[Extracted data entries]

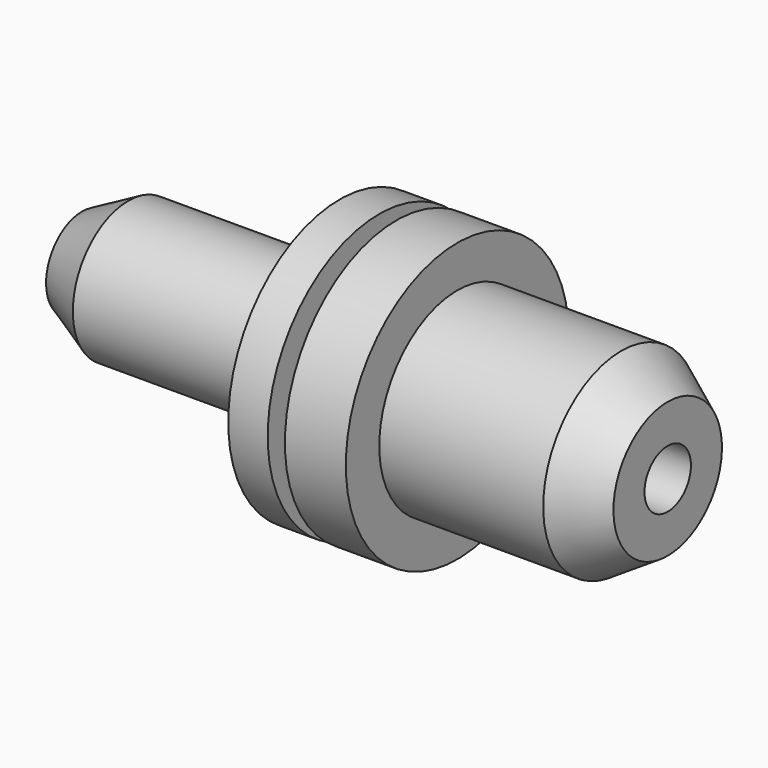
from build123d import *
from build123d import SkipClean  # not in build123d's __all__

# Parameters (mm, degrees)
F0_R     = 9.49325
F1_DEPTH = 35.2425
F2_R     = 19.05
F3_DEPTH = 16.0782
F4_R     = 13.335
F5_DEPTH = 28.7655
F6_R     = 3.96875
F7_DEPTH = 80.0862
F8_R     = 16.51
F8_R_2   = 9.49325
F9_DEPTH = 2.0955
F10_W    = 3.81
F10_H    = 0.508
F12_W    = 2.3495
F12_H    = 4.4069


with BuildPart() as f1:
    # F0 (on Right) → F1 (new body)
    with BuildSketch(Plane.YZ):
        Circle(F0_R)
    extrude(amount=F1_DEPTH)

    # F2 (on face) → F3 (join)
    with BuildSketch(Plane.YZ.offset(35.2425)):
        Circle(F2_R)
    extrude(amount=F3_DEPTH)

    # F4 (on face) → F5 (join)
    with BuildSketch(Plane.YZ.offset(51.3207)):
        Circle(F4_R)
    extrude(amount=F5_DEPTH)

    # F6 (on face) → F7 (cut, through all)
    with BuildSketch(Plane.YZ.offset(80.0862)):
        Circle(F6_R)
    extrude(amount=-F7_DEPTH, mode=Mode.SUBTRACT)

    # F8 (on face) → F9 (cut)
    with BuildSketch(Plane(origin=(35.2425, 0, 0), x_dir=(0, -1, 0), z_dir=(-1, 0, 0))):
        Circle(F8_R)
        Circle(F8_R_2, mode=Mode.SUBTRACT)
    with SkipClean():  # cleaning this boolean's faces spoils the solid; the shape is the same uncleaned
        extrude(amount=-F9_DEPTH, mode=Mode.SUBTRACT)

    # F10 (on Front) → F11 (revolve, cut)
    with BuildSketch(Plane.XZ):
        with Locations((36.0383225369, 9.23925)):
            Rectangle(F10_W, F10_H)
    revolve(axis=Axis((43.7559969723, 0, 0), (1, 0, 0)), mode=Mode.SUBTRACT)

    # F12 (on Front) → F13 (revolve, cut)
    with BuildSketch(Plane.XZ):
        with Locations((41.81475, 16.84655)):
            Rectangle(F12_W, F12_H)
    revolve(axis=Axis((42.9936237633, 0, 0), (1, 0, 0)), mode=Mode.SUBTRACT)

    # F14 (on Front) → F15 (revolve, cut)
    with BuildSketch(Plane.XZ):
        Polygon((6.35, 9.49325), (0, 9.49325), (0, 6.12775), align=None)
        Polygon((80.0862, 13.335), (73.7362, 13.335), (80.0862, 9.271), align=None)
    revolve(axis=Axis((41.732724756, 0, 0), (1, 0, 0)), mode=Mode.SUBTRACT)


solid = f1.part

> [Problem details]
The expected answer is every line above in which the word "import" appears.

> [The completed task]
from build123d import *
from build123d import SkipClean  # not in build123d's __all__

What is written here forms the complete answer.